Donald F. McAlpine, David X. Soto, Linda Y. Rutledge, Tyler J. Wheeldon, Bradley N. White, James P. Goltz, Joseph Kennedy


A free-ranging canid killed near Caraquet, New Brunswick, Canada, in 2012 exhibited a mitochondrial DNA sequence of Gray Wolf (Canis lupus) origin and a Y-chromosome haplotype of Eastern Wolf (C. lycaon) origin. The animal, which is the first wolf recorded in New Brunswick since 1862, was identified as a Gray–Eastern Wolf hybrid (C. lupus x C. lycaon) based on analysis of its autosomal microsatellite genotype. Stable carbon isotope values (δ13C) suggest that the Caraquet wolf was of wild origin.
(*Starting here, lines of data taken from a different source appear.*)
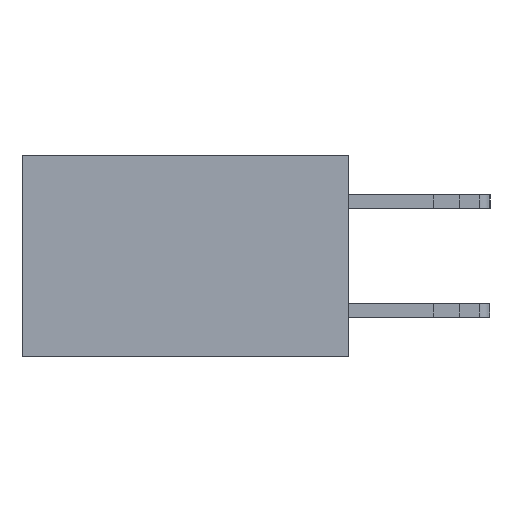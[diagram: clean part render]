
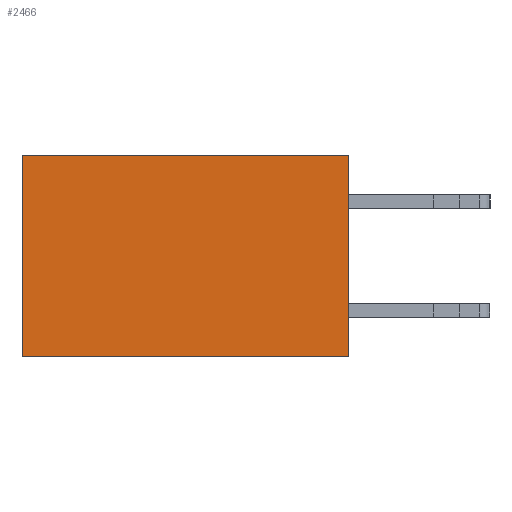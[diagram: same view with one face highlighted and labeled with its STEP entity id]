
A CAD part, left-side view. The second image highlights one B-rep face of the part: STEP entity #2466.
In plain terms, the highlighted planar face has unit normal (-1, 0, 0).
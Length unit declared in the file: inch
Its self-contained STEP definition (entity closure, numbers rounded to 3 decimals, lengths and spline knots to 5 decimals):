
#854 = EDGE_LOOP ( 'NONE', ( #11201, #7079, #21059, #20361 ) ) ;
#1854 = CARTESIAN_POINT ( 'NONE',  ( 0.298, 0.6, 0. ) ) ;
#2179 = VERTEX_POINT ( 'NONE', #1854 ) ;
#2241 = VECTOR ( 'NONE', #18451, 39.37008 ) ;
#2359 = VECTOR ( 'NONE', #11981, 39.37008 ) ;
#2466 = ADVANCED_FACE ( 'NONE', ( #10733 ), #10290, .F. ) ;
#2760 = CARTESIAN_POINT ( 'NONE',  ( 0.298, 0.6, 0. ) ) ;
#4673 = AXIS2_PLACEMENT_3D ( 'NONE', #23220, #11869, #11900 ) ;
#7079 = ORIENTED_EDGE ( 'NONE', *, *, #19253, .F. ) ;
#8310 = VERTEX_POINT ( 'NONE', #18690 ) ;
#8382 = LINE ( 'NONE', #12265, #2241 ) ;
#10222 = EDGE_CURVE ( 'NONE', #22459, #8310, #13356, .T. ) ;
#10290 = PLANE ( 'NONE',  #4673 ) ;
#10733 = FACE_OUTER_BOUND ( 'NONE', #854, .T. ) ;
#10875 = VECTOR ( 'NONE', #21276, 39.37008 ) ;
#11201 = ORIENTED_EDGE ( 'NONE', *, *, #21105, .T. ) ;
#11675 = DIRECTION ( 'NONE',  ( 0., 1., 0. ) ) ;
#11869 = DIRECTION ( 'NONE',  ( 1., 0., 0. ) ) ;
#11900 = DIRECTION ( 'NONE',  ( 0., 0., -1. ) ) ;
#11981 = DIRECTION ( 'NONE',  ( 0., 0., -1. ) ) ;
#12265 = CARTESIAN_POINT ( 'NONE',  ( 0.298, 0., -0.37 ) ) ;
#13356 = LINE ( 'NONE', #17982, #2359 ) ;
#15426 = VERTEX_POINT ( 'NONE', #19331 ) ;
#16352 = LINE ( 'NONE', #2760, #10875 ) ;
#17982 = CARTESIAN_POINT ( 'NONE',  ( 0.298, 0., 0. ) ) ;
#18451 = DIRECTION ( 'NONE',  ( 0., 1., 0. ) ) ;
#18690 = CARTESIAN_POINT ( 'NONE',  ( 0.298, 0., -0.37 ) ) ;
#19253 = EDGE_CURVE ( 'NONE', #8310, #15426, #8382, .T. ) ;
#19331 = CARTESIAN_POINT ( 'NONE',  ( 0.298, 0.6, -0.37 ) ) ;
#19932 = LINE ( 'NONE', #21875, #21203 ) ;
#20313 = EDGE_CURVE ( 'NONE', #22459, #2179, #19932, .T. ) ;
#20361 = ORIENTED_EDGE ( 'NONE', *, *, #20313, .T. ) ;
#21059 = ORIENTED_EDGE ( 'NONE', *, *, #10222, .F. ) ;
#21105 = EDGE_CURVE ( 'NONE', #2179, #15426, #16352, .T. ) ;
#21124 = CARTESIAN_POINT ( 'NONE',  ( 0.298, 0., 0. ) ) ;
#21203 = VECTOR ( 'NONE', #11675, 39.37008 ) ;
#21276 = DIRECTION ( 'NONE',  ( 0., 0., -1. ) ) ;
#21875 = CARTESIAN_POINT ( 'NONE',  ( 0.298, 0., 0. ) ) ;
#22459 = VERTEX_POINT ( 'NONE', #21124 ) ;
#23220 = CARTESIAN_POINT ( 'NONE',  ( 0.298, 0., 0. ) ) ;
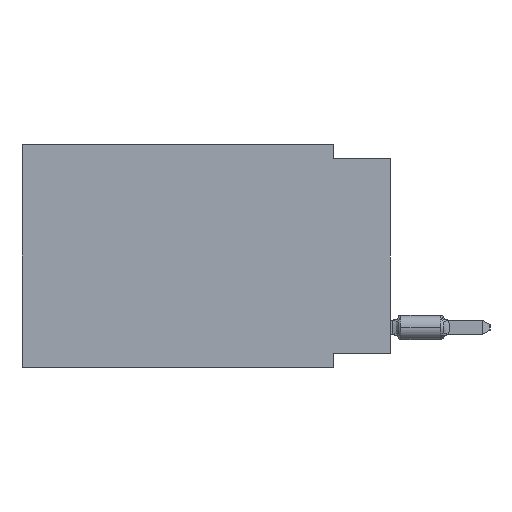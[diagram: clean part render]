
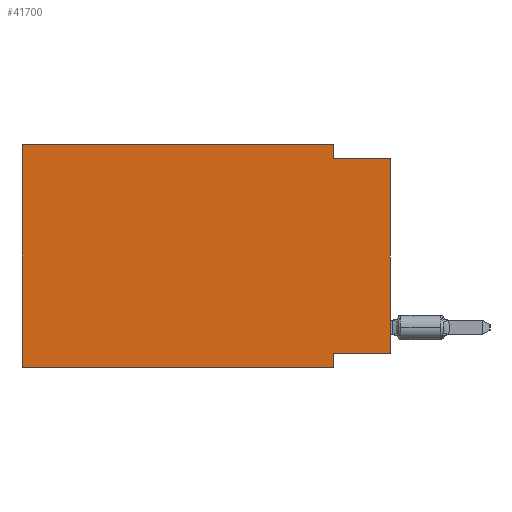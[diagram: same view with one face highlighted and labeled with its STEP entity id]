
A CAD part, left-side view. The second image highlights one B-rep face of the part: STEP entity #41700.
In plain terms, the highlighted planar face has unit normal (-1, 0, 0).
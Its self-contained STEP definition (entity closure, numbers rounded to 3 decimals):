
#918 = VECTOR ( 'NONE', #2718, 1000. ) ;
#1814 = DIRECTION ( 'NONE',  ( 0., 0., -1. ) ) ;
#2718 = DIRECTION ( 'NONE',  ( 0., -1., 0. ) ) ;
#2802 = DIRECTION ( 'NONE',  ( 0., -1., 0. ) ) ;
#3605 = LINE ( 'NONE', #43283, #18911 ) ;
#4495 = CARTESIAN_POINT ( 'NONE',  ( 0., 2.54, -9.271 ) ) ;
#5704 = LINE ( 'NONE', #38242, #57431 ) ;
#6753 = VERTEX_POINT ( 'NONE', #53652 ) ;
#7369 = CARTESIAN_POINT ( 'NONE',  ( 0., 16.383, 0. ) ) ;
#9010 = VERTEX_POINT ( 'NONE', #47070 ) ;
#9017 = VECTOR ( 'NONE', #2802, 1000. ) ;
#9884 = CARTESIAN_POINT ( 'NONE',  ( 0., 16.383, -9.906 ) ) ;
#11440 = DIRECTION ( 'NONE',  ( 0., 1., 0. ) ) ;
#13986 = CARTESIAN_POINT ( 'NONE',  ( 0., 16.383, 0. ) ) ;
#17296 = CARTESIAN_POINT ( 'NONE',  ( 0., 16.383, -9.906 ) ) ;
#18911 = VECTOR ( 'NONE', #51740, 1000. ) ;
#20661 = LINE ( 'NONE', #13986, #26589 ) ;
#21037 = VECTOR ( 'NONE', #36841, 1000. ) ;
#23172 = CARTESIAN_POINT ( 'NONE',  ( 0., 0., -0.635 ) ) ;
#23250 = EDGE_CURVE ( 'NONE', #50159, #6753, #3605, .T. ) ;
#25100 = VECTOR ( 'NONE', #1814, 1000. ) ;
#25655 = DIRECTION ( 'NONE',  ( 1., 0., 0. ) ) ;
#26071 = CARTESIAN_POINT ( 'NONE',  ( 0., 16.383, 0. ) ) ;
#26589 = VECTOR ( 'NONE', #68361, 1000. ) ;
#27257 = ORIENTED_EDGE ( 'NONE', *, *, #23250, .F. ) ;
#28668 = VERTEX_POINT ( 'NONE', #4495 ) ;
#29755 = CARTESIAN_POINT ( 'NONE',  ( 0., 2.54, -9.906 ) ) ;
#31029 = CARTESIAN_POINT ( 'NONE',  ( 0., 16.383, 0. ) ) ;
#31473 = CARTESIAN_POINT ( 'NONE',  ( 0., 0., -0.635 ) ) ;
#31881 = EDGE_LOOP ( 'NONE', ( #84993, #42170, #27257, #84701, #66954, #64935, #38525, #52574 ) ) ;
#35126 = VERTEX_POINT ( 'NONE', #31473 ) ;
#35353 = VERTEX_POINT ( 'NONE', #7369 ) ;
#36240 = VERTEX_POINT ( 'NONE', #17296 ) ;
#36841 = DIRECTION ( 'NONE',  ( 0., -1., 0. ) ) ;
#37815 = VECTOR ( 'NONE', #11440, 1000. ) ;
#38242 = CARTESIAN_POINT ( 'NONE',  ( 0., 0., 0. ) ) ;
#38525 = ORIENTED_EDGE ( 'NONE', *, *, #49328, .F. ) ;
#41700 = ADVANCED_FACE ( 'NONE', ( #65767 ), #58650, .F. ) ;
#42170 = ORIENTED_EDGE ( 'NONE', *, *, #82849, .F. ) ;
#42881 = LINE ( 'NONE', #9884, #9017 ) ;
#43283 = CARTESIAN_POINT ( 'NONE',  ( 0., 2.54, 0. ) ) ;
#46769 = AXIS2_PLACEMENT_3D ( 'NONE', #26071, #25655, #59985 ) ;
#47070 = CARTESIAN_POINT ( 'NONE',  ( 0., 0., -9.271 ) ) ;
#49328 = EDGE_CURVE ( 'NONE', #28668, #74973, #56635, .T. ) ;
#49928 = CARTESIAN_POINT ( 'NONE',  ( 0., 2.54, -9.906 ) ) ;
#50159 = VERTEX_POINT ( 'NONE', #68046 ) ;
#50219 = LINE ( 'NONE', #31029, #21037 ) ;
#51740 = DIRECTION ( 'NONE',  ( 0., 0., -1. ) ) ;
#52060 = DIRECTION ( 'NONE',  ( 0., 0., 1. ) ) ;
#52574 = ORIENTED_EDGE ( 'NONE', *, *, #74997, .F. ) ;
#53652 = CARTESIAN_POINT ( 'NONE',  ( 0., 2.54, -0.635 ) ) ;
#54299 = EDGE_CURVE ( 'NONE', #9010, #35126, #5704, .T. ) ;
#56635 = LINE ( 'NONE', #49928, #25100 ) ;
#57431 = VECTOR ( 'NONE', #52060, 1000. ) ;
#58650 = PLANE ( 'NONE',  #46769 ) ;
#59985 = DIRECTION ( 'NONE',  ( 0., 0., -1. ) ) ;
#60842 = EDGE_CURVE ( 'NONE', #35353, #50159, #50219, .T. ) ;
#64935 = ORIENTED_EDGE ( 'NONE', *, *, #70257, .T. ) ;
#65767 = FACE_OUTER_BOUND ( 'NONE', #31881, .T. ) ;
#66954 = ORIENTED_EDGE ( 'NONE', *, *, #75656, .F. ) ;
#68046 = CARTESIAN_POINT ( 'NONE',  ( 0., 2.54, 0. ) ) ;
#68361 = DIRECTION ( 'NONE',  ( 0., 0., 1. ) ) ;
#70257 = EDGE_CURVE ( 'NONE', #36240, #74973, #42881, .T. ) ;
#71202 = LINE ( 'NONE', #77886, #37815 ) ;
#74973 = VERTEX_POINT ( 'NONE', #29755 ) ;
#74997 = EDGE_CURVE ( 'NONE', #9010, #28668, #71202, .T. ) ;
#75656 = EDGE_CURVE ( 'NONE', #36240, #35353, #20661, .T. ) ;
#76240 = LINE ( 'NONE', #23172, #918 ) ;
#77886 = CARTESIAN_POINT ( 'NONE',  ( 0., 0., -9.271 ) ) ;
#82849 = EDGE_CURVE ( 'NONE', #6753, #35126, #76240, .T. ) ;
#84701 = ORIENTED_EDGE ( 'NONE', *, *, #60842, .F. ) ;
#84993 = ORIENTED_EDGE ( 'NONE', *, *, #54299, .T. ) ;

Likewise, δ13C analysis suggests that a wolf–coyote hybrid killed in Quebec south of the St. Lawrence River in 2002 was also of wild origin. However, δ13C values for a wolf from the same region in 2006 suggest that this animal spent most of its life feeding predominantly on non-wild-source food items. Recent occurrences of wild-origin animals south of the St. Lawrence River demonstrate that wolves are capable of dispersal to formerly occupied areas in southeastern Canada and the United States. However, limited natural dispersal alone will likely not be sufficient to re-establish wolves in northeastern North America.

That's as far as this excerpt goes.